IPN and international neighbouring rights collection
The IPN is the backbone of international neighbouring rights collection. When a UK artist's recording is broadcast on European radio, the European neighbouring rights society receives broadcast logs, identifies the recording via its ISRC, identifies the performer via their IPN, and routes the royalty to PPL via the SCAPR reciprocal network. PPL then distributes that income to the artist as part of its twice-yearly distributions. Without a correctly registered IPN linked to correct performer credits on the relevant recordings, this chain breaks at the identification step and the income goes unmatched.
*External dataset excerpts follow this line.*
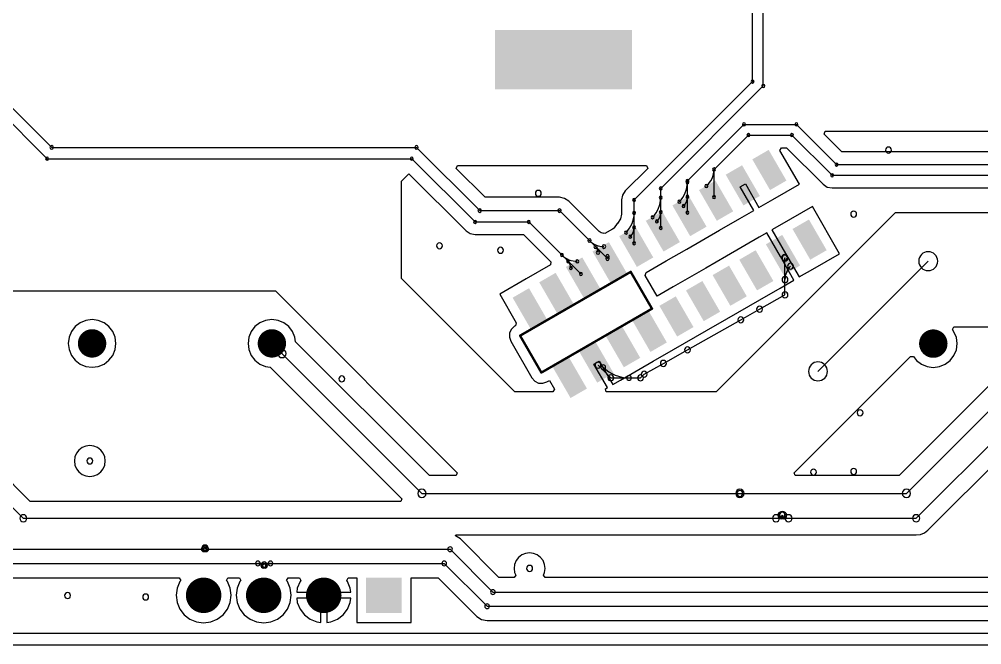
# Model space of a CAD drawing. Header units: inches. Extents: x 32166 to 34772, y 2386 to 4229.
# Drawn here: x 33286.9 to 33462.7, y 3322.5 to 3436.8 of the extents above; entities that cross this region are included whole.
import ezdxf

# ---------------------------------------------------------------- set-up
doc = ezdxf.new("R2010")
doc.units = ezdxf.units.IN
doc.header["$LTSCALE"] = 0.64311
doc.header["$MEASUREMENT"] = 0
for name, color, linetype in [('KEEPOUTLAYER', 6, 'CONTINUOUS'), ('MIDLAYER2', 76, 'CONTINUOUS'), ('MULTILAYER', 9, 'CONTINUOUS')]:
    doc.layers.add(name, color=color, linetype=linetype)

msp = doc.modelspace()

# ---------------------------------------------------------------- linework, layer by layer
at = {"layer": 'KEEPOUTLAYER'}
for p, q in [((33432.78, 3372.43), (33452.91, 3392.56)), ((32893.17, 3322.49), (34340.37, 3322.49))]:
    msp.add_line(p, q, dxfattribs=at)
at = {"layer": 'KEEPOUTLAYER', "const_width": 0.432}
for points in [[(33378.38, 3378.95), (33398.58, 3390.61)], [(33398.58, 3390.61), (33402.47, 3383.88)], [(33382.27, 3372.21), (33402.47, 3383.88)], [(33378.38, 3378.95), (33382.27, 3372.21)]]:
    msp.add_lwpolyline(points, dxfattribs=at)
at = {"layer": 'KEEPOUTLAYER', "const_width": 0.216}
for points in [[(33398.53, 3390.71, 1), (33398.64, 3390.52, 1)], [(33398.53, 3390.71, 1), (33398.64, 3390.52, 1)], [(33402.42, 3383.97, 1), (33402.53, 3383.79, 1)], [(33402.42, 3383.97, 1), (33402.53, 3383.79, 1)], [(33378.33, 3379.04, 1), (33378.44, 3378.86, 1)], [(33378.33, 3379.04, 1), (33378.44, 3378.86, 1)], [(33382.22, 3372.31, 1), (33382.32, 3372.12, 1)], [(33382.22, 3372.31, 1), (33382.32, 3372.12, 1)]]:
    msp.add_lwpolyline(points, format="xyb", close=True, dxfattribs=at)
at = {"layer": 'KEEPOUTLAYER'}
for centre, start, end in [((33452.91, 3392.56), 0, 180), ((33452.91, 3392.56), 180, 0), ((33432.78, 3372.43), 0, 180), ((33432.78, 3372.43), 180, 0)]:
    msp.add_arc(centre, 1.73, start, end, dxfattribs=at)
at = {"layer": 'MIDLAYER2'}
for p, q in [((33420.84, 3425.38), (33420.84, 3445.23)), ((33422.8, 3424.57), (33422.8, 3446.04)), ((33277.53, 3425.75), (33292, 3411.28)), ((33279.59, 3426.6), (33292.85, 3413.34)), ((33399.21, 3403.76), (33420.84, 3425.38)), ((33404.07, 3405.85), (33422.8, 3424.57)), ((33408.94, 3407.22), (33419.27, 3417.55)), ((33419.27, 3417.55), (33428.84, 3417.55)), ((33428.84, 3417.55), (33436.17, 3410.21)), ((33413.8, 3409.31), (33420.08, 3415.59)), ((33420.08, 3415.59), (33428.03, 3415.59)), ((33428.03, 3415.59), (33435.36, 3408.25)), ((33433.9, 3415.77), (33434.11, 3416.28)), ((33437.14, 3412.53), (33433.9, 3415.77)), ((33434.11, 3416.28), (33516.37, 3416.28)), ((33292.85, 3413.34), (33359.47, 3413.34)), ((33359.47, 3413.34), (33371, 3401.8)), ((33425.84, 3412.79), (33426.11, 3413.26)), ((33429.38, 3406.65), (33425.84, 3412.79)), ((33426.11, 3413.26), (33427.06, 3413.26)), ((33427.06, 3413.26), (33433.72, 3406.61)), ((33519.4, 3412.53), (33437.14, 3412.53)), ((33292, 3411.28), (33358.61, 3411.28)), ((33358.61, 3411.28), (33370.15, 3399.74)), ((33366.73, 3409.51), (33366.94, 3410.01)), ((33366.94, 3410.01), (33401.47, 3410.01)), ((33401.47, 3410.01), (33401.68, 3409.51)), ((33436.17, 3410.21), (33558.46, 3410.21)), ((33356.7, 3407.16), (33358.08, 3408.53)), ((33358.08, 3408.53), (33368.51, 3398.1)), ((33372.01, 3404.23), (33366.73, 3409.51)), ((33401.68, 3409.51), (33397.57, 3405.4)), ((33413.8, 3404.26), (33413.8, 3409.31)), ((33435.36, 3408.25), (33559.28, 3408.25)), ((33356.7, 3389.41), (33356.7, 3407.16)), ((33408.94, 3401.45), (33408.94, 3407.22)), ((33418.57, 3406.14), (33419.52, 3406.69)), ((33419.52, 3406.69), (33422, 3402.39)), ((33424.52, 3403.84), (33429.38, 3406.65)), ((33433.72, 3406.61), (33434.47, 3406.11)), ((33397.07, 3404.64), (33396.89, 3403.76)), ((33397.57, 3405.4), (33397.07, 3404.64)), ((33404.07, 3398.65), (33404.07, 3405.85)), ((33421.05, 3401.84), (33418.57, 3406.14)), ((33434.47, 3406.11), (33435.36, 3405.93)), ((33435.36, 3405.93), (33559.28, 3405.93)), ((33385.57, 3404.23), (33372.01, 3404.23)), ((33386.5, 3404.04), (33385.57, 3404.23)), ((33387.28, 3403.52), (33386.5, 3404.04)), ((33392.82, 3397.98), (33387.28, 3403.52)), ((33396.89, 3403.76), (33396.89, 3401.15)), ((33399.21, 3395.84), (33399.21, 3403.76)), ((33422, 3402.39), (33424.52, 3403.84)), ((33424.52, 3403.84), (33424.52, 3403.84)), ((33424.52, 3403.84), (33424.52, 3403.84)), ((33371, 3401.8), (33385.57, 3401.8)), ((33385.57, 3401.8), (33394.35, 3393.03)), ((33396.89, 3401.15), (33396.72, 3400.31)), ((33418.53, 3400.38), (33421.05, 3401.84)), ((33431.76, 3402.53), (33425.77, 3399.08)), ((33446.9, 3401.42), (33430.88, 3385.39)), ((33436.73, 3393.93), (33431.76, 3402.53)), ((33576.01, 3401.42), (33446.9, 3401.42)), ((33370.15, 3399.74), (33379.96, 3399.74)), ((33379.96, 3399.74), (33389.48, 3390.22)), ((33396.09, 3399.44), (33395.58, 3398.68)), ((33396.14, 3399.44), (33396.09, 3399.44)), ((33396.09, 3399.44), (33396.09, 3399.44)), ((33396.72, 3400.31), (33396.14, 3399.44)), ((33414.79, 3398.22), (33418.53, 3400.38)), ((33418.53, 3400.38), (33418.53, 3400.38)), ((33368.51, 3398.1), (33369.26, 3397.6)), ((33369.26, 3397.6), (33370.15, 3397.42)), ((33393.18, 3397.74), (33392.82, 3397.98)), ((33393.68, 3397.64), (33393.18, 3397.74)), ((33393.7, 3397.65), (33393.68, 3397.64)), ((33393.87, 3397.62), (33393.7, 3397.65)), ((33393.7, 3397.65), (33393.7, 3397.65)), ((33395.23, 3398.41), (33393.87, 3397.62)), ((33395.57, 3398.6), (33395.23, 3398.41)), ((33395.23, 3398.41), (33395.23, 3398.41)), ((33395.58, 3398.68), (33395.57, 3398.6)), ((33408.81, 3394.77), (33414.79, 3398.22)), ((33414.79, 3398.22), (33414.79, 3398.22)), ((33414.79, 3398.22), (33414.79, 3398.22)), ((33423.43, 3397.72), (33422.03, 3396.92)), ((33425.91, 3393.42), (33423.43, 3397.72)), ((33425.77, 3399.08), (33424.38, 3398.27)), ((33424.38, 3398.27), (33426.86, 3393.97)), ((33425.77, 3399.08), (33425.77, 3399.08)), ((33425.77, 3399.08), (33425.77, 3399.08)), ((33370.15, 3397.42), (33379, 3397.42)), ((33379, 3397.42), (33384, 3392.42)), ((33422.03, 3396.92), (33416.05, 3393.46)), ((33422.03, 3396.92), (33422.03, 3396.92)), ((33405.07, 3392.61), (33408.81, 3394.77)), ((33408.81, 3394.77), (33408.81, 3394.77)), ((33384, 3392.42), (33383.93, 3391.88)), ((33394.35, 3393.03), (33394.35, 3393.44)), ((33401.39, 3390.49), (33405.07, 3392.61)), ((33405.07, 3392.61), (33405.07, 3392.61)), ((33405.07, 3392.61), (33405.07, 3392.61)), ((33416.05, 3393.46), (33412.3, 3391.3)), ((33416.05, 3393.46), (33416.05, 3393.46)), ((33416.05, 3393.46), (33416.05, 3393.46)), ((33428.4, 3389.12), (33425.91, 3393.42)), ((33425.91, 3393.42), (33425.91, 3393.42)), ((33426.66, 3393.23), (33426.75, 3393.14)), ((33426.75, 3386.4), (33426.75, 3393.14)), ((33426.86, 3393.97), (33426.86, 3393.97)), ((33426.86, 3393.97), (33429.35, 3389.67)), ((33431.86, 3391.12), (33436.73, 3393.93)), ((33383.93, 3391.88), (33379.52, 3389.33)), ((33412.3, 3391.3), (33406.32, 3387.85)), ((33412.3, 3391.3), (33412.3, 3391.3)), ((33429.35, 3389.67), (33431.86, 3391.12)), ((33431.86, 3391.12), (33431.86, 3391.12)), ((33431.86, 3391.12), (33431.86, 3391.12)), ((33377.4, 3368.71), (33356.7, 3389.41)), ((33379.52, 3389.33), (33374.66, 3386.53)), ((33379.52, 3389.33), (33379.52, 3389.33)), ((33379.52, 3389.33), (33379.52, 3389.33)), ((33401.25, 3389.96), (33401.39, 3390.49)), ((33403.43, 3386.18), (33401.25, 3389.96)), ((33425.88, 3387.66), (33428.4, 3389.12)), ((33160.7, 3387.12), (33333.72, 3387.12)), ((33333.72, 3387.12), (33366.92, 3353.91)), ((33406.32, 3387.85), (33403.43, 3386.18)), ((33406.32, 3387.85), (33406.32, 3387.85)), ((33406.32, 3387.85), (33406.32, 3387.85)), ((33422.14, 3385.5), (33425.88, 3387.66)), ((33425.88, 3387.66), (33425.88, 3387.66)), ((33374.66, 3386.53), (33377.68, 3381.28)), ((33430.88, 3385.39), (33414.2, 3368.71)), ((33416.15, 3382.05), (33422.14, 3385.5)), ((33422.12, 3383.79), (33426.75, 3386.4)), ((33422.14, 3385.5), (33422.14, 3385.5)), ((33422.14, 3385.5), (33422.14, 3385.5)), ((33418.68, 3381.85), (33422.12, 3383.79)), ((33299.09, 3381.75), (33298.04, 3381.31)), ((33300.22, 3381.89), (33299.09, 3381.75)), ((33301.35, 3381.75), (33300.22, 3381.89)), ((33302.4, 3381.31), (33301.35, 3381.75)), ((33331.92, 3381.75), (33330.87, 3381.31)), ((33333.05, 3381.89), (33331.92, 3381.75)), ((33334.18, 3381.75), (33333.05, 3381.89)), ((33335.23, 3381.31), (33334.18, 3381.75)), ((33408.94, 3376.36), (33418.68, 3381.85)), ((33412.41, 3379.89), (33416.15, 3382.05)), ((33416.15, 3382.05), (33416.15, 3382.05)), ((33297.14, 3380.62), (33296.45, 3379.72)), ((33298.04, 3381.31), (33297.14, 3380.62)), ((33303.3, 3380.62), (33302.4, 3381.31)), ((33303.99, 3379.72), (33303.3, 3380.62)), ((33329.97, 3380.62), (33329.28, 3379.72)), ((33330.87, 3381.31), (33329.97, 3380.62)), ((33336.13, 3380.62), (33335.23, 3381.31)), ((33336.83, 3379.72), (33336.13, 3380.62)), ((33376.81, 3380.16), (33376.47, 3379.46)), ((33377.39, 3380.67), (33376.81, 3380.16)), ((33377.54, 3380.75), (33377.39, 3380.67)), ((33377.68, 3381.28), (33377.54, 3380.75)), ((33457.32, 3380.06), (33457.57, 3380.55)), ((33457.61, 3379.68), (33457.32, 3380.06)), ((33457.57, 3380.55), (33482.94, 3380.55)), ((33296.01, 3378.67), (33295.86, 3377.54)), ((33296.45, 3379.72), (33296.01, 3378.67)), ((33304.43, 3378.67), (33303.99, 3379.72)), ((33304.58, 3377.54), (33304.43, 3378.67)), ((33328.84, 3378.67), (33328.7, 3377.54)), ((33329.28, 3379.72), (33328.84, 3378.67)), ((33337.26, 3378.67), (33336.83, 3379.72)), ((33337.37, 3377.84), (33337.26, 3378.67)), ((33376.47, 3379.46), (33376.42, 3378.69)), ((33376.42, 3378.69), (33376.67, 3377.96)), ((33406.42, 3376.43), (33412.41, 3379.89)), ((33412.41, 3379.89), (33412.41, 3379.89)), ((33412.41, 3379.89), (33412.41, 3379.89)), ((33458.05, 3378.63), (33457.61, 3379.68)), ((33458.2, 3377.5), (33458.05, 3378.63)), ((33295.86, 3377.54), (33296.01, 3376.41)), ((33304.43, 3376.41), (33304.58, 3377.54)), ((33328.7, 3377.54), (33328.84, 3376.41)), ((33333.05, 3377.54), (33360.45, 3350.14)), ((33361.81, 3353.41), (33337.37, 3377.84)), ((33376.67, 3377.96), (33380.55, 3371.22)), ((33458.05, 3376.38), (33458.2, 3377.5)), ((33296.01, 3376.41), (33296.45, 3375.36)), ((33296.45, 3375.36), (33297.14, 3374.46)), ((33303.3, 3374.46), (33303.99, 3375.36)), ((33303.99, 3375.36), (33304.43, 3376.41)), ((33328.84, 3376.41), (33329.28, 3375.36)), ((33329.28, 3375.36), (33329.97, 3374.46)), ((33402.68, 3374.27), (33406.42, 3376.43)), ((33404.55, 3373.89), (33408.94, 3376.36)), ((33406.42, 3376.43), (33406.42, 3376.43)), ((33428.43, 3353.91), (33449.68, 3375.16)), ((33449.68, 3375.16), (33450.22, 3375.12)), ((33450.22, 3375.12), (33450.76, 3374.42)), ((33456.92, 3374.42), (33457.61, 3375.32)), ((33457.61, 3375.32), (33458.05, 3376.38)), ((33297.14, 3374.46), (33298.04, 3373.76)), ((33298.04, 3373.76), (33299.09, 3373.33)), ((33299.09, 3373.33), (33300.22, 3373.18)), ((33300.22, 3373.18), (33301.35, 3373.33)), ((33301.35, 3373.33), (33302.4, 3373.76)), ((33302.4, 3373.76), (33303.3, 3374.46)), ((33329.97, 3374.46), (33330.87, 3373.76)), ((33330.87, 3373.76), (33331.92, 3373.33)), ((33331.92, 3373.33), (33332.75, 3373.22)), ((33332.75, 3373.22), (33356.81, 3349.16)), ((33391.87, 3373.77), (33392.82, 3374.31)), ((33394.35, 3369.46), (33391.87, 3373.77)), ((33392.61, 3373.57), (33394.95, 3371.23)), ((33392.82, 3374.31), (33395.3, 3370.01)), ((33396.7, 3370.82), (33402.68, 3374.27)), ((33401.04, 3371.91), (33404.55, 3373.89)), ((33402.68, 3374.27), (33402.68, 3374.27)), ((33402.68, 3374.27), (33402.68, 3374.27)), ((33450.76, 3374.42), (33451.66, 3373.73)), ((33451.66, 3373.73), (33452.71, 3373.29)), ((33452.71, 3373.29), (33453.84, 3373.15)), ((33453.84, 3373.15), (33454.97, 3373.29)), ((33454.97, 3373.29), (33456.02, 3373.73)), ((33456.02, 3373.73), (33456.92, 3374.42)), ((33380.55, 3371.22), (33381.06, 3370.64)), ((33394.95, 3371.23), (33400.37, 3371.23)), ((33400.37, 3371.23), (33401.04, 3371.91)), ((33466.11, 3371.93), (33447.58, 3353.41)), ((33381.06, 3370.64), (33381.76, 3370.3)), ((33381.76, 3370.3), (33382.53, 3370.25)), ((33382.53, 3370.25), (33383.26, 3370.5)), ((33383.26, 3370.5), (33383.75, 3370.78)), ((33383.26, 3370.5), (33383.26, 3370.5)), ((33383.75, 3370.78), (33384.67, 3369.19)), ((33393.97, 3369.24), (33394.35, 3369.46)), ((33395.3, 3370.01), (33396.7, 3370.82)), ((33396.7, 3370.82), (33396.7, 3370.82)), ((33448.94, 3350.14), (33468.42, 3369.62)), ((33384.39, 3368.71), (33377.4, 3368.71)), ((33384.67, 3369.19), (33384.39, 3368.71)), ((33394.11, 3368.71), (33393.97, 3369.24)), ((33414.2, 3368.71), (33394.11, 3368.71)), ((33450.71, 3345.6), (33468.03, 3362.92)), ((33299.81, 3358.89), (33299.08, 3358.79)), ((33300.54, 3358.79), (33299.81, 3358.89)), ((33452.86, 3343.44), (33469.29, 3359.87)), ((33288.93, 3348.65), (33278.73, 3358.85)), ((33297.36, 3357.47), (33297.07, 3356.79)), ((33297.81, 3358.06), (33297.36, 3357.47)), ((33298.39, 3358.51), (33297.81, 3358.06)), ((33299.08, 3358.79), (33298.39, 3358.51)), ((33301.22, 3358.51), (33300.54, 3358.79)), ((33301.81, 3358.06), (33301.22, 3358.51)), ((33302.26, 3357.47), (33301.81, 3358.06)), ((33302.54, 3356.79), (33302.26, 3357.47)), ((33276.57, 3356.69), (33287.66, 3345.6)), ((33297.07, 3356.79), (33296.98, 3356.06)), ((33296.98, 3356.06), (33297.07, 3355.32)), ((33302.64, 3356.06), (33302.54, 3356.79)), ((33302.54, 3355.32), (33302.64, 3356.06)), ((33297.07, 3355.32), (33297.36, 3354.64)), ((33297.36, 3354.64), (33297.81, 3354.05)), ((33297.81, 3354.05), (33298.39, 3353.6)), ((33301.22, 3353.6), (33301.81, 3354.05)), ((33301.81, 3354.05), (33302.26, 3354.64)), ((33302.26, 3354.64), (33302.54, 3355.32)), ((33366.92, 3353.91), (33366.72, 3353.41)), ((33428.64, 3353.41), (33428.43, 3353.91)), ((33298.39, 3353.6), (33299.08, 3353.32)), ((33299.08, 3353.32), (33299.81, 3353.22)), ((33299.81, 3353.22), (33300.54, 3353.32)), ((33300.54, 3353.32), (33301.22, 3353.6)), ((33366.72, 3353.41), (33361.81, 3353.41)), ((33447.58, 3353.41), (33428.64, 3353.41)), ((33360.45, 3350.14), (33418.52, 3350.14)), ((33418.52, 3350.14), (33448.94, 3350.14)), ((33356.6, 3348.65), (33288.93, 3348.65)), ((33356.81, 3349.16), (33356.6, 3348.65)), ((33287.66, 3345.6), (33450.71, 3345.6)), ((33452.23, 3342.96), (33452.86, 3343.44)), ((33366.61, 3342.38), (33366.63, 3342.55)), ((33367.47, 3341.81), (33366.61, 3342.38)), ((33366.63, 3342.55), (33425.11, 3342.55)), ((33374.52, 3334.77), (33367.47, 3341.81)), ((33425.11, 3342.55), (33425.11, 3342.54)), ((33425.11, 3342.54), (33425.23, 3342.55)), ((33425.23, 3342.55), (33427.28, 3342.55)), ((33427.28, 3342.55), (33427.4, 3342.54)), ((33427.4, 3342.54), (33427.4, 3342.55)), ((33427.4, 3342.55), (33450.71, 3342.55)), ((33450.71, 3342.55), (33451.5, 3342.66)), ((33451.5, 3342.66), (33452.23, 3342.96)), ((33227.05, 3339.94), (33320.63, 3339.94)), ((33320.85, 3340.16), (33321.06, 3339.94)), ((33321.06, 3339.94), (33365.6, 3339.94)), ((33365.6, 3339.94), (33373.42, 3332.12)), ((33377.66, 3337.86), (33377.38, 3337.18)), ((33378.11, 3338.45), (33377.66, 3337.86)), ((33378.7, 3338.9), (33378.11, 3338.45)), ((33379.38, 3339.18), (33378.7, 3338.9)), ((33380.12, 3339.28), (33379.38, 3339.18)), ((33380.85, 3339.18), (33380.12, 3339.28)), ((33381.53, 3338.9), (33380.85, 3339.18)), ((33382.12, 3338.45), (33381.53, 3338.9)), ((33382.57, 3337.86), (33382.12, 3338.45)), ((33382.85, 3337.18), (33382.57, 3337.86)), ((33225.98, 3337.35), (33364.53, 3337.35)), ((33364.53, 3337.35), (33372.35, 3329.53)), ((33377.38, 3337.18), (33377.28, 3336.44)), ((33377.28, 3336.44), (33377.38, 3335.71)), ((33382.95, 3336.44), (33382.85, 3337.18)), ((33382.85, 3335.71), (33382.95, 3336.44)), ((33228.27, 3334.71), (33316.15, 3334.71)), ((33316.15, 3334.71), (33316.4, 3334.22)), ((33324.78, 3334.22), (33325.02, 3334.71)), ((33325.02, 3334.71), (33327.13, 3334.71)), ((33327.13, 3334.71), (33327.37, 3334.22)), ((33335.75, 3334.22), (33336, 3334.71)), ((33336, 3334.71), (33338.1, 3334.71)), ((33338.1, 3334.71), (33338.34, 3334.22)), ((33346.73, 3334.22), (33346.97, 3334.71)), ((33346.97, 3334.71), (33348.54, 3334.71)), ((33348.54, 3334.71), (33348.54, 3326.55)), ((33358.47, 3326.55), (33358.47, 3334.71)), ((33358.47, 3334.71), (33363.43, 3334.71)), ((33363.43, 3334.71), (33370.48, 3327.66)), ((33377.28, 3334.77), (33374.52, 3334.77)), ((33377.58, 3335.22), (33377.28, 3334.77)), ((33377.38, 3335.71), (33377.58, 3335.22)), ((33382.65, 3335.22), (33382.85, 3335.71)), ((33382.95, 3334.77), (33382.65, 3335.22)), ((33469.74, 3334.77), (33382.95, 3334.77)), ((33315.75, 3332.81), (33315.58, 3331.52)), ((33316.25, 3334.02), (33315.75, 3332.81)), ((33316.4, 3334.22), (33316.25, 3334.02)), ((33324.93, 3334.02), (33324.78, 3334.22)), ((33325.43, 3332.81), (33324.93, 3334.02)), ((33325.6, 3331.52), (33325.43, 3332.81)), ((33326.72, 3332.81), (33326.55, 3331.52)), ((33327.22, 3334.02), (33326.72, 3332.81)), ((33327.37, 3334.22), (33327.22, 3334.02)), ((33335.9, 3334.02), (33335.75, 3334.22)), ((33336.4, 3332.81), (33335.9, 3334.02)), ((33336.57, 3331.52), (33336.4, 3332.81)), ((33337.69, 3332.81), (33337.59, 3332.07)), ((33338.19, 3334.02), (33337.69, 3332.81)), ((33338.34, 3334.22), (33338.19, 3334.02)), ((33346.87, 3334.02), (33346.73, 3334.22)), ((33347.37, 3332.81), (33346.87, 3334.02)), ((33347.47, 3332.07), (33347.37, 3332.81)), ((33315.58, 3331.52), (33315.75, 3330.22)), ((33325.43, 3330.22), (33325.6, 3331.52)), ((33326.55, 3331.52), (33326.72, 3330.22)), ((33336.4, 3330.22), (33336.57, 3331.52)), ((33337.59, 3332.07), (33347.47, 3332.07)), ((33341.98, 3330.97), (33337.59, 3330.97)), ((33337.59, 3330.97), (33337.69, 3330.22)), ((33341.98, 3326.58), (33341.98, 3330.97)), ((33347.47, 3330.97), (33343.08, 3330.97)), ((33343.08, 3330.97), (33343.08, 3326.58)), ((33347.37, 3330.22), (33347.47, 3330.97)), ((33373.42, 3332.12), (33470.84, 3332.12)), ((33315.75, 3330.22), (33316.25, 3329.01)), ((33316.25, 3329.01), (33317.04, 3327.97)), ((33324.13, 3327.97), (33324.93, 3329.01)), ((33324.93, 3329.01), (33325.43, 3330.22)), ((33326.72, 3330.22), (33327.22, 3329.01)), ((33327.22, 3329.01), (33328.02, 3327.97)), ((33335.1, 3327.97), (33335.9, 3329.01)), ((33335.9, 3329.01), (33336.4, 3330.22)), ((33337.69, 3330.22), (33338.19, 3329.01)), ((33338.19, 3329.01), (33338.99, 3327.97)), ((33346.08, 3327.97), (33346.87, 3329.01)), ((33346.87, 3329.01), (33347.37, 3330.22)), ((33372.35, 3329.53), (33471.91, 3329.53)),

IPN and SoundExchange for US digital performance
SoundExchange is the US neighbouring rights organisation that collects digital performance royalties for streaming on non-interactive internet radio services (Pandora, SiriusXM, iHeartRadio) and collects on behalf of performers and record labels. SoundExchange uses IPNs to identify performers for the purpose of routing income. UK artists with US digital radio airplay who are registered with PPL (and therefore have an IPN) can receive their SoundExchange income via the PPL-SoundExchange reciprocal agreement, without needing to separately register with SoundExchange — provided their PPL registration is complete and their recordings are correctly registered.
Code Group Music includes IPN verification as part of its metadata administration service. Our catalog assessment checks whether your PPL registration includes a correct IPN and whether your performer credits are linked to your recordings in a way that enables international neighbouring rights matching. Start at codegroupmusic.co.uk/#catalog-assessment.
Frequently Asked Questions
Do I automatically get an IPN when I join PPL?
Yes. PPL assigns an IPN to performer members as part of the registration process. You can find your IPN in your PPL member portal. If you have been a PPL member for some time and have never checked, log in and verify your IPN is recorded correctly.
Is my IPN visible to other organisations?
Yes. Your IPN is shared with international SCAPR member societies via the VRDB (Virtual Recording Database), enabling international matching. This sharing is the mechanism that makes international neighbouring rights collection work.
Can I have an IPN without being a PPL member?
In the UK, IPNs are issued through PPL. If you are not a PPL member, you do not have a UK-assigned IPN. Registration with PPL as a performer is the action required to obtain an IPN.
Does my IPN change if I change my name?
No. Your IPN is a persistent identifier — it remains the same regardless of name changes. You would update your name in your PPL profile, and the IPN continues to link all recordings and royalty distributions to your identity.